Published: 01/29/2013 - Updated: 06/10/2016
Author: Miriam Reyes
One of the most feared of all diseases is osteoporosis because it can immobilize the patient, leaving him/her confined to a place, with the fear that your bones might break at any endeavor.
What is Osteoporosis?
Bones consist mainly of calcium and phosphorus, and its formation is regulated by a complex system involving the parathyroid hormone and vitamin D, which is associated with the calcium we consume. In addition, sex hormones, testosterone and estrogen, have a direct effect in reducing the rate at which it is reabsorbed into the body.
Before age 30, 20 percent of bone calcium is replaced annually. After this, the body creates less new bone and becomes less efficient to absorb calcium. As a result, about 1 percent of muscle mass is lost each year.
In osteoporosis, the inside part of the bones becomes porous because of calcium loss. That means there is bone loss. Over time, this weakens the bones and makes them more likely to break.
Osteoporosis is much more common in women than in men. This is because women have less bone mass than men, tend to live longer, take less calcium and needs of the female hormone estrogen to keep the bones strong. If men live long enough, they are also at risk of getting osteoporosis when they reach old age.
There are no symptoms in osteoporosis, and you may not know you have osteoporosis until your body shows serious symptoms, including broken bones, pain in the lower back or a hunched back. You may also see the classic hump, sign that the column has begun to collapse. These problems tend to occur after you have already lost a large amount of calcium in the bones.

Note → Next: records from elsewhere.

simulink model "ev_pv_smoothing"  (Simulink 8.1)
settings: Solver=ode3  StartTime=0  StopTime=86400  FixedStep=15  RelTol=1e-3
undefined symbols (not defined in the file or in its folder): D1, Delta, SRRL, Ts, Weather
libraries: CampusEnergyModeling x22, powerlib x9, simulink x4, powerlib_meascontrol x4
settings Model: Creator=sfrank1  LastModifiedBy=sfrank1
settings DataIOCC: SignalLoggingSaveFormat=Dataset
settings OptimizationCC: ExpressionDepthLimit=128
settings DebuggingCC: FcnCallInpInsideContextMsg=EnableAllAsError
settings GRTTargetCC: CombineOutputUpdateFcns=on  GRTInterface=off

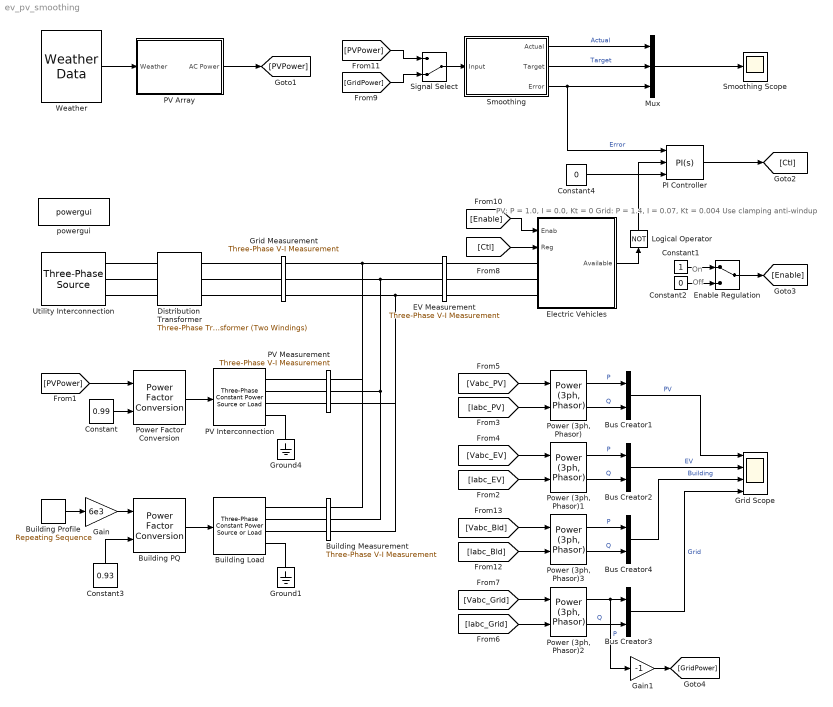
== system ev_pv_smoothing ==
  note: PV: P = 1.0, I = 0.0, Kt = 0
      | Grid: P = 1.4, I = 0.07, Kt = 0.004
      | Use clamping anti-windup
  note: Off
  note: On
  Building Measurement : powerlib/Measurements/Three-Phase V-I Measurement  VoltageMeasurement=phase-to-ground  SetLabelV=on  LabelV=Vabc_Bld  Vpu=off  VpuLL=off  CurrentMeasurement=yes  SetLabelI=on  LabelI=Iabc_Bld  Ipu=off  Pbase=100e3  Vbase=208e3  OutputType=Complex  PhasorSimulation=on  PSBequivalent=0
  Building Profile : simulink/Sources/Repeating Sequence  rep_seq_t=[0 1 2 3 4 5 6 7 8 9 10 11 12 13 14 15 16 17 18 19 20 21 22 23 24]*3600  rep_seq_y=[0.53 0.53 0.54 0.54 0.56 0.77 0.95 1.53 1.79 1.80 1.83 1.83 1.88 1.91 1.91 1.92 1.63 1.28 1.20 1.13 1.08 0.71 0.52 0.52 0.53]
  Building Load : CampusEnergyModeling/Electrical/Three-Phase Constant Power Source or Load  Conven=load  PNom=5e3  QNom=2e3  VNom=208  fNom=60  VLow=0.7
  Building PQ : CampusEnergyModeling/Electrical/Power Factor Conversion  pfType=Lagging
  Bus Creator{1..4} (4 alike) : BusCreator  Inputs=2
  Constant : Constant  Value=0.99
  Constant1 : Constant
  Constant2 : Constant  Value=0
  Constant3 : Constant  Value=0.93
  Constant4 : Constant  Value=0
  Distribution Transformer : powerlib/Elements/Three-Phase Transformer (Two Windings)  Winding1Connection=Delta (D1)  UNITS=pu  NominalPower=[10e3 , 60]  Winding1=[13.2e3 , 0.02/2 , 0.05/(120*pi)/2]  Winding2Connection=Yg  Winding2=[208, 0.02/2 , 0.05/(120*pi)/2]  SetSaturation=off  Rm=500  Lm=200  Saturation=[ 0,0 ; 0.0024,1.2 ; 1.0,1.52 ]  Hysteresis=off  DataFile='hysteresis'  SetInitialFlux=off  InitialFluxes=[ 0.8 , -0.8 , 0.7 ]  Measurements=None  MoreParameters=off  BreakLoop=off  DataType=off  TransfoNumber=1
  EV Measurement : powerlib/Measurements/Three-Phase V-I Measurement  VoltageMeasurement=phase-to-ground  SetLabelV=on  LabelV=Vabc_EV  Vpu=off  VpuLL=off  CurrentMeasurement=yes  SetLabelI=on  LabelI=Iabc_EV  Ipu=off  Pbase=100e3  Vbase=208e3  OutputType=Complex  PhasorSimulation=on  PSBequivalent=0
  Electric Vehicles : Subsystem
  Enable Regulation : ManualSwitch
  Gain : Gain  Gain=6e3
  Gain1 : Gain  Gain=-1
  Grid Measurement : powerlib/Measurements/Three-Phase V-I Measurement  VoltageMeasurement=phase-to-ground  SetLabelV=on  LabelV=Vabc_Grid  Vpu=off  VpuLL=off  CurrentMeasurement=yes  SetLabelI=on  LabelI=Iabc_Grid  Ipu=off  Pbase=100e3  Vbase=208e3  OutputType=Complex  PhasorSimulation=on  PSBequivalent=0
  Grid Scope : Scope  NumInputPorts=4
      settings: ShowLegends=on  TimeRange=86400  YMin=-5000~-5000~-5000~-5000  YMax=25000~25000~25000~25000
  Ground1 : powerlib/Elements/Ground  LConnTagsString=a
  Ground4 : powerlib/Elements/Ground  LConnTagsString=a
  Logical Operator : Logic  Operator=NOT  IconShape=distinctive  AllPortsSameDT=off  OutDataTypeStr=boolean
  Mux : Mux  Inputs=3
  PI Controller : simulink/Continuous/PID Controller  Controller=PI  TimeDomain=Continuous-time  SampleTime=1  IntegratorMethod=Forward Euler  FilterMethod=Forward Euler  Form=Parallel  P=1.4  I=0.07  D=0  N=100  InitialConditionSource=internal  InitialConditionForIntegrator=0  InitialConditionForFilter=0  ExternalReset=level  ZeroCross=off  LimitOutput=on  UpperSaturationLimit=12e3  LowerSaturationLimit=-12e3  LinearizeAsGain=on  AntiWindupMode=clamping  Kb=1  TrackingMode=on  Kt=0.004  PParamMin=[]  PParamMax=[]  IParamMin=[]  IParamMax=[]  DParamMin=[]  DParamMax=[]  NParamMin=[]  NParamMax=[]  KbParamMin=[]  KbParamMax=[]  KtParamMin=[]  KtParamMax=[]  POutMin=[]  POutMax=[]  IOutMin=[]  IOutMax=[]  DOutMin=[]  DOutMax=[]  NOutMin=[]  NOutMax=[]  KbOutMin=[]  KbOutMax=[]  KtOutMin=[]  KtOutMax=[]  IntegratorOutMin=[]  IntegratorOutMax=[]  FilterOutMin=[]  FilterOutMax=[]  SumOutMin=[]  SumOutMax=[]  SumI1OutMin=[]  SumI1OutMax=[]  SumI2OutMin=[]  SumI2OutMax=[]  SumI3OutMin=[]  SumI3OutMax=[]  SumDOutMin=[]  SumDOutMax=[]  SaturationOutMin=[]  SaturationOutMax=[]  IntegratorContinuousStateAttributes=''  IntegratorStateMustResolveToSignalObject=off  IntegratorRTWStateStorageClass=Auto  FilterContinuousStateAttributes=''  FilterStateMustResolveToSignalObject=off  FilterRTWStateStorageClass=Auto
  PV Interconnection : CampusEnergyModeling/Electrical/Three-Phase Constant Power Source or Load  Conven=source  PNom=20e3  QNom=0  VNom=208  fNom=60  VLow=0.7
  PV Array : Subsystem
  PV Measurement : powerlib/Measurements/Three-Phase V-I Measurement  VoltageMeasurement=phase-to-ground  SetLabelV=on  LabelV=Vabc_PV  Vpu=off  VpuLL=off  CurrentMeasurement=yes  SetLabelI=on  LabelI=Iabc_PV  Ipu=off  Pbase=100e3  Vbase=208e3  OutputType=Complex  PhasorSimulation=on  PSBequivalent=0
  Power (3ph, Phasor){,1..3} (4 alike) : powerlib_meascontrol/Measurements/Power (3ph, Phasor)
  Power Factor Conversion : CampusEnergyModeling/Electrical/Power Factor Conversion  pfType=Lagging
  Signal Select : ManualSwitch  CurrentSetting=0
  Smoothing : Subsystem
  Smoothing Scope : Scope
      settings: ShowLegends=on  TimeRange=86400  YMin=-20000  YMax=20000
  Utility Interconnection : powerlib/Electrical Sources/Three-Phase Source  Voltage=13.2e3  PhaseAngle=0  Frequency=60  InternalConnection=Yg  SpecifyImpedance=on  Resistance=0.8929  Inductance=16.58e-3  ShortCircuitLevel=1e6  BaseVoltage=13.2e3  XRratio=8  BusType=swing  Pref=0  Qref=0  Qmin=-inf  Qmax=inf
  Weather : CampusEnergyModeling/Weather/Weather Data  fname=Weather-SRRL.mat  initbus=on
  powergui : powerlib/powergui  Priority=2  SimulationMode=Phasor  SolverType=Tustin  SampleTime=Ts  frequency=60  SPID=off  DisableSnubberDevices=off  DisableRonSwitches=off  DisableVfSwitches=off  SwTol=0  Interpol=off  DisplayEquations=off  frequencyindice=60  Pbase=100e6  ErrMax=1e-4  Iterations=50  UnitsV=kV  UnitsW=kW  FunctionMessages=off  echomessages=off  HookPort=off  EnableUseOfTLC=off  x0status=blocks  RestoreLinks=warning  ResistiveCurrentMeasurement=off  Frange=[0:2:500]  Ylog=off  Xlog=on  ShowGrid=off  save=off  variable=ZData  structure=Sig1  ZoomFFT=on  StartTime=0.26  cycles=2  DisplayStyle=1  fundamental=60  FreqAxis=off  MaxFrequency=5000  frequencyindicesteady=1  RmsSteady=1  display=off  Ts=0  methode=off
  wires:
  Smoothing/3(Error) -> PI Controller/1, Mux/3  "Error"
  Mux/1 -> Smoothing Scope/1
  Smoothing/1(Actual) -> Mux/1  "Actual"
  Smoothing/2(Target) -> Mux/2  "Target"
  Constant/1 -> Power Factor Conversion/2
  Power Factor Conversion/1 -> PV Interconnection/1
  [Vabc_PV] -> "Power (3ph, Phasor)"/1
  [Iabc_PV] -> "Power (3ph, Phasor)"/2
  "Power (3ph, Phasor)"/2 -> Bus Creator1/2  "Q"
  "Power (3ph, Phasor)"/1 -> Bus Creator1/1  "P"
  Bus Creator1/1 -> Grid Scope/1  "PV"
  [Vabc_EV] -> "Power (3ph, Phasor)1"/1
  [Iabc_EV] -> "Power (3ph, Phasor)1"/2
  "Power (3ph, Phasor)1"/2 -> Bus Creator2/2  "Q"
  "Power (3ph, Phasor)1"/1 -> Bus Creator2/1  "P"
  [Vabc_Grid] -> "Power (3ph, Phasor)2"/1
  [Iabc_Grid] -> "Power (3ph, Phasor)2"/2
  "Power (3ph, Phasor)2"/2 -> Bus Creator3/2  "Q"
  "Power (3ph, Phasor)2"/1 -> Gain1/1, Bus Creator3/1  "P"
  Bus Creator3/1 -> Grid Scope/4  "Grid"
  Bus Creator2/1 -> Grid Scope/2  "EV"
  Constant1/1 -> Enable Regulation/1
  Constant2/1 -> Enable Regulation/2
  Weather/1 -> PV Array/1(Weather)
  [PVPower] -> Power Factor Conversion/1
  [Ctl] -> Electric Vehicles/2(Reg)
  Enable Regulation/1 -> [Enable]
  [Enable] -> Electric Vehicles/1(Enab)
  Building PQ/1 -> Building Load/1
  Building Profile/1 -> Gain/1
  [Vabc_Bld] -> "Power (3ph, Phasor)3"/1
  [Iabc_Bld] -> "Power (3ph, Phasor)3"/2
  "Power (3ph, Phasor)3"/2 -> Bus Creator4/2  "Q"
  "Power (3ph, Phasor)3"/1 -> Bus Creator4/1  "P"
  Bus Creator4/1 -> Grid Scope/3  "Building"
  Gain/1 -> Building PQ/1
  Constant3/1 -> Building PQ/2
  Electric Vehicles/1(Available) -> Logical Operator/1
  Signal Select/1 -> Smoothing/1(Input)
  [PVPower] -> Signal Select/1
  [GridPower] -> Signal Select/2
  Logical Operator/1 -> PI Controller/2
  PI Controller/1 -> [Ctl]
  Gain1/1 -> [GridPower]
  PV Array/1(AC Power) -> [PVPower]
  Constant4/1 -> PI Controller/3
  connections:
  Utility Interconnection/RConn1 -- Distribution Transformer/LConn1
  Distribution Transformer/LConn2 -- Utility Interconnection/RConn2
  Utility Interconnection/RConn3 -- Distribution Transformer/LConn3
  EV Measurement/LConn1 -- Building Measurement/LConn1 -- PV Measurement/RConn1 -- Grid Measurement/RConn1
  PV Measurement/RConn2 -- EV Measurement/LConn2 -- Grid Measurement/RConn2 -- Building Measurement/LConn2
  EV Measurement/LConn3 -- Building Measurement/LConn3 -- PV Measurement/RConn3 -- Grid Measurement/RConn3
  PV Interconnection/RConn4 -- Ground4/LConn1
  PV Measurement/LConn1 -- PV Interconnection/RConn1
  PV Measurement/LConn2 -- PV Interconnection/RConn2
  PV Measurement/LConn3 -- PV Interconnection/RConn3
  EV Measurement/RConn1 -- Electric Vehicles/LConn1
  EV Measurement/RConn2 -- Electric Vehicles/LConn2
  EV Measurement/RConn3 -- Electric Vehicles/LConn3
  Building Load/RConn4 -- Ground1/LConn1
  Distribution Transformer/RConn1 -- Grid Measurement/LConn1
  Distribution Transformer/RConn2 -- Grid Measurement/LConn2
  Distribution Transformer/RConn3 -- Grid Measurement/LConn3
  Building Load/RConn1 -- Building Measurement/RConn1
  Building Load/RConn2 -- Building Measurement/RConn2
  Building Load/RConn3 -- Building Measurement/RConn3

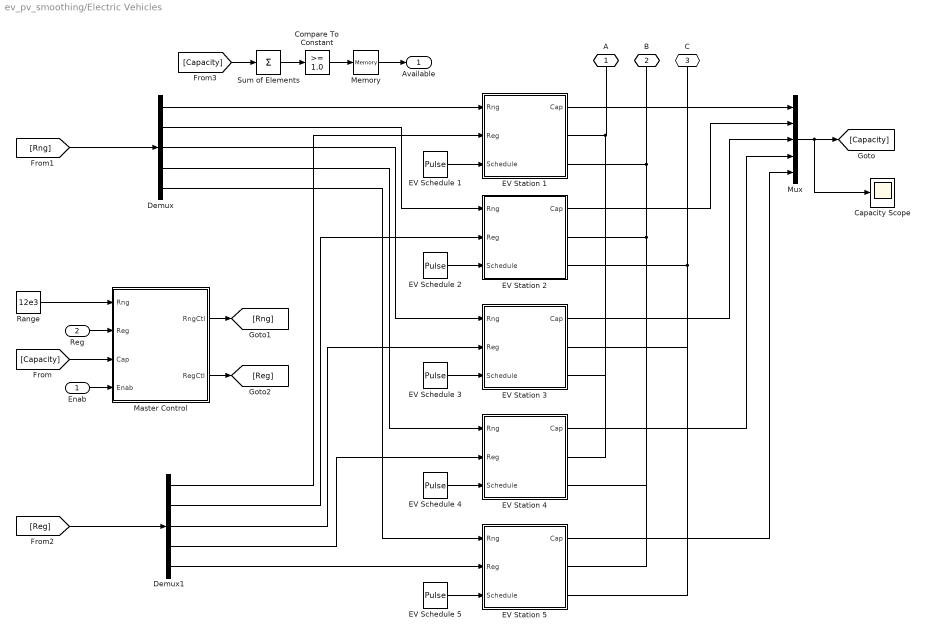
== system ev_pv_smoothing/Electric Vehicles ==
  Enab : Inport
  Reg : Inport  Port=2
  Capacity Scope : Scope
      settings: ShowLegends=on  TimeRange=86400  YMin=0  YMax=3000  SaveName=ScopeData3
  Compare To Constant : simulink/Logic and Bit Operations/Compare To Constant  relop=>=  const=1.0  OutDataTypeStr=boolean
  Demux : Demux  Outputs=5
  Demux1 : Demux  Outputs=5
  EV Schedule 1 : DiscretePulseGenerator  PulseType=Time based  Period=86400  PulseWidth=(9/24)*100  PhaseDelay=(6)*3600
  EV Schedule 2 : DiscretePulseGenerator  PulseType=Time based  Period=86400  PulseWidth=(9/24)*100  PhaseDelay=(6.5)*3600
  EV Schedule 3 : DiscretePulseGenerator  PulseType=Time based  Period=86400  PulseWidth=(9/24)*100  PhaseDelay=(7)*3600
  EV Schedule 4 : DiscretePulseGenerator  PulseType=Time based  Period=86400  PulseWidth=(9/24)*100  PhaseDelay=(7.5)*3600
  EV Schedule 5 : DiscretePulseGenerator  PulseType=Time based  Period=86400  PulseWidth=(9/24)*100  PhaseDelay=(8)*3600
  EV Station 1 : Subsystem
  EV Station 2 : Subsystem
  EV Station 3 : Subsystem
  EV Station 4 : Subsystem
  EV Station 5 : Subsystem
  Master Control : Subsystem
  Memory : Memory
  Mux : Mux  Inputs=5
  Range : Constant  Value=12e3
  Sum of Elements : Sum  Inputs=+
  A : PMIOPort  Port=1  Side=Left
  B : PMIOPort  Port=2  Side=Left
  C : PMIOPort  Port=3  Side=Left
  Available : Outport
  wires:
  EV Schedule 1/1 -> EV Station 1/3(Schedule)
  EV Schedule 2/1 -> EV Station 2/3(Schedule)
  EV Schedule 3/1 -> EV Station 3/3(Schedule)
  EV Schedule 4/1 -> EV Station 4/3(Schedule)
  EV Schedule 5/1 -> EV Station 5/3(Schedule)
  Range/1 -> Master Control/1(Rng)
  Reg/1 -> Master Control/2(Reg)
  Enab/1 -> Master Control/4(Enab)
  EV Station 1/1(Cap) -> Mux/1
  EV Station 2/1(Cap) -> Mux/2
  EV Station 3/1(Cap) -> Mux/3
  EV Station 4/1(Cap) -> Mux/4
  EV Station 5/1(Cap) -> Mux/5
  Mux/1 -> Capacity Scope/1, [Capacity]
  [Capacity] -> Master Control/3(Cap)
  Master Control/2(RegCtl) -> [Reg]
  Master Control/1(RngCtl) -> [Rng]
  [Rng] -> Demux/1
  [Reg] -> Demux1/1
  Demux/1 -> EV Station 1/1(Rng)
  Demux1/5 -> EV Station 5/2(Reg)
  Demux/2 -> EV Station 2/1(Rng)
  Demux/3 -> EV Station 3/1(Rng)
  Demux/4 -> EV Station 4/1(Rng)
  Demux/5 -> EV Station 5/1(Rng)
  Demux1/1 -> EV Station 1/2(Reg)
  Demux1/2 -> EV Station 2/2(Reg)
  Demux1/3 -> EV Station 3/2(Reg)
  Demux1/4 -> EV Station 4/2(Reg)
  Sum of Elements/1 -> Compare To Constant/1
  [Capacity] -> Sum of Elements/1
  Compare To Constant/1 -> Memory/1
  Memory/1 -> Available/1
  connections:
  EV Station 1/RConn2 -- EV Station 2/RConn1 -- EV Station 5/RConn1 -- EV Station 4/RConn2 -- B/RConn1
  EV Station 5/RConn2 -- EV Station 3/RConn1 -- EV Station 2/RConn2 -- C/RConn1
  EV Station 1/RConn1 -- EV Station 4/RConn1 -- EV Station 3/RConn2 -- A/RConn1

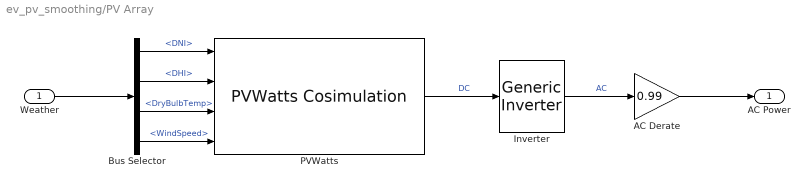
== system ev_pv_smoothing/PV Array ==
  Weather : Inport
  AC Derate : Gain  Gain=0.99
  Bus Selector : BusSelector  OutputSignals=DNI,DHI,DryBulbTemp,WindSpeed
  Inverter : CampusEnergyModeling/PV/Generic Inverter  max_power=20.0e3  standby=10.0  model_type=Fixed Efficiency  fixed_eff=0.96  alpha=100.0  beta=0.04  gamma=4.0e-07  lookup_pair=Input Power + Output Power  lookup_in=[0, 10, 25, 50, 75, 100]  lookup_out=[0, 9, 24, 49, 73, 97]  lookup_eff=[0.10, 0.80, 0.87, 0.93, 0.90, 0.88]
  PVWatts : CampusEnergyModeling/PV/PVWatts Cosimulation  lat=39.7  lon=-105.2  start_time=2012-05-17 00:00:00  tz=-7  time_step=15  system_size=20.0e3  derate=0.908  azimuth=180  tilt=10  use_lat_tilt=off  track_mode=Fixed  rotlim=45  use_cell_data=off  t_ref=25  t_noct=45  gamma=-0.5  i_ref=1000  poa_cutin=0  init_tcell=16.8  init_poa=0  alignment=Middle  output_dc=on  output_celltemp=off  output_poa=off
  AC Power : Outport
  wires:
  Bus Selector/1 -> PVWatts/1  "<DNI>"
  Bus Selector/2 -> PVWatts/2  "<DHI>"
  Bus Selector/3 -> PVWatts/3  "<DryBulbTemp>"
  Bus Selector/4 -> PVWatts/4  "<WindSpeed>"
  PVWatts/1 -> Inverter/1  "DC"
  Inverter/1 -> AC Derate/1  "AC"
  AC Derate/1 -> AC Power/1
  Weather/1 -> Bus Selector/1

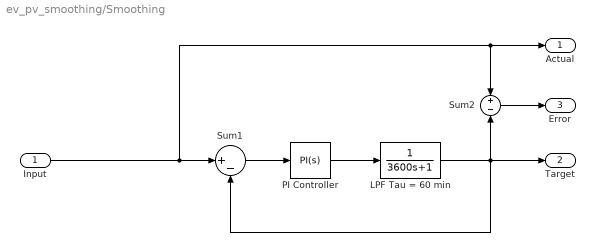
== system ev_pv_smoothing/Smoothing ==
  Input : Inport
  LPF Tau = 60 min : TransferFcn  Denominator=[3600 1]
  PI Controller : simulink/Continuous/PID Controller  Controller=PI  TimeDomain=Continuous-time  SampleTime=1  IntegratorMethod=Forward Euler  FilterMethod=Forward Euler  Form=Parallel  P=0.80  I=0.001  D=0  N=100  InitialConditionSource=internal  InitialConditionForIntegrator=0  InitialConditionForFilter=0  ExternalReset=none  LimitOutput=off  UpperSaturationLimit=20e3  LowerSaturationLimit=-20e3  LinearizeAsGain=on  AntiWindupMode=back-calculation  Kb=1  TrackingMode=off  Kt=1  PParamMin=[]  PParamMax=[]  IParamMin=[]  IParamMax=[]  DParamMin=[]  DParamMax=[]  NParamMin=[]  NParamMax=[]  KbParamMin=[]  KbParamMax=[]  KtParamMin=[]  KtParamMax=[]  POutMin=[]  POutMax=[]  IOutMin=[]  IOutMax=[]  DOutMin=[]  DOutMax=[]  NOutMin=[]  NOutMax=[]  KbOutMin=[]  KbOutMax=[]  KtOutMin=[]  KtOutMax=[]  IntegratorOutMin=[]  IntegratorOutMax=[]  FilterOutMin=[]  FilterOutMax=[]  SumOutMin=[]  SumOutMax=[]  SumI1OutMin=[]  SumI1OutMax=[]  SumI2OutMin=[]  SumI2OutMax=[]  SumI3OutMin=[]  SumI3OutMax=[]  SumDOutMin=[]  SumDOutMax=[]  SaturationOutMin=[]  SaturationOutMax=[]  IntegratorContinuousStateAttributes=''  IntegratorStateMustResolveToSignalObject=off  IntegratorRTWStateStorageClass=Auto  FilterContinuousStateAttributes=''  FilterStateMustResolveToSignalObject=off  FilterRTWStateStorageClass=Auto
  Sum1 : Sum  Inputs=|+-
  Sum2 : Sum  Inputs=+-
  Actual : Outport
  Target : Outport  Port=2
  Error : Outport  Port=3
  wires:
  Sum2/1 -> Error/1
  LPF Tau = 60 min/1 -> Sum1/2, Target/1, Sum2/2
  Input/1 -> Sum2/1, Actual/1, Sum1/1
  PI Controller/1 -> LPF Tau = 60 min/1
  Sum1/1 -> PI Controller/1

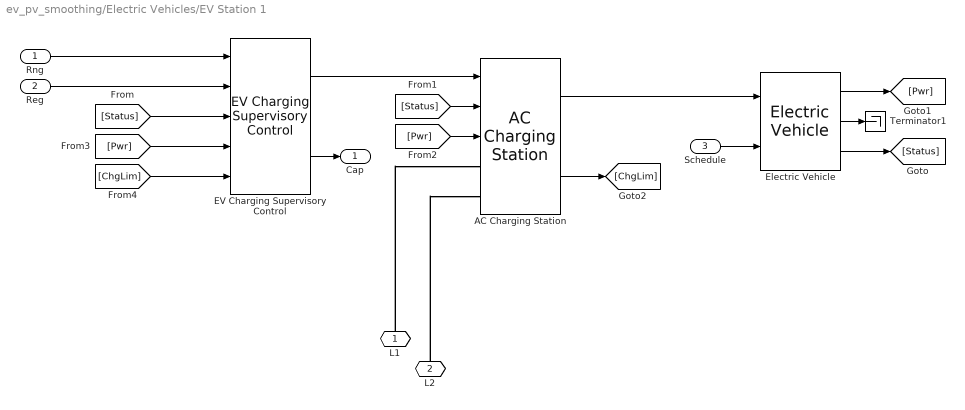
== system ev_pv_smoothing/Electric Vehicles/EV Station 1 ==
  Rng : Inport
  Reg : Inport  Port=2
  Schedule : Inport  Port=3
  AC Charging Station : CampusEnergyModeling/Electric Vehicles/AC Charging Station  prated=6600  vrated=240  pstandby=50  eff=0.99  pf=0.99  freq=60
  EV Charging Supervisory Control : CampusEnergyModeling/Electric Vehicles/EV Charging Supervisory Control  ctype=AC  ramp=100  regtype=Two-sided  ldsettings=on  sweepint=1650+300*rand(1)  sweepramp=10  thr=1.0
  Electric Vehicle : CampusEnergyModeling/Electric Vehicles/Electric Vehicle  ctype=AC  rating=6240  chargerEff=0.96  profile=off  profileSOC=[0.00 0.10 0.20 0.80 0.99 1.00]  profileRate=[0.10 0.20 1.00 1.00 0.01 0.00]  capacity=24000  initSOC=0.3  battEff=0.98
  Terminator1 : Terminator
  L1 : PMIOPort  Port=1  Side=Right
  L2 : PMIOPort  Port=2  Side=Right
  Cap : Outport
  wires:
  AC Charging Station/1 -> Electric Vehicle/1
  Schedule/1 -> Electric Vehicle/2
  Electric Vehicle/3 -> [Status]
  [Status] -> EV Charging Supervisory Control/3
  Electric Vehicle/1 -> [Pwr]
  EV Charging Supervisory Control/1 -> AC Charging Station/1
  [Status] -> AC Charging Station/2
  [Pwr] -> AC Charging Station/3
  Reg/1 -> EV Charging Supervisory Control/2
  Rng/1 -> EV Charging Supervisory Control/1
  EV Charging Supervisory Control/2 -> Cap/1
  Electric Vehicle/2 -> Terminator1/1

Take advantage of the calcium from your diet
Exercise and proper diet rich in calcium and vitamin D will help maintain the density and bone mass. However, bone loss is not completely restored.
Before menopause, you need about 1,000 mg of calcium each day. After menopause, you need 1,000 of calcium every day if you are taking estrogen and 1,500 mg of calcium per day if you are not taking it.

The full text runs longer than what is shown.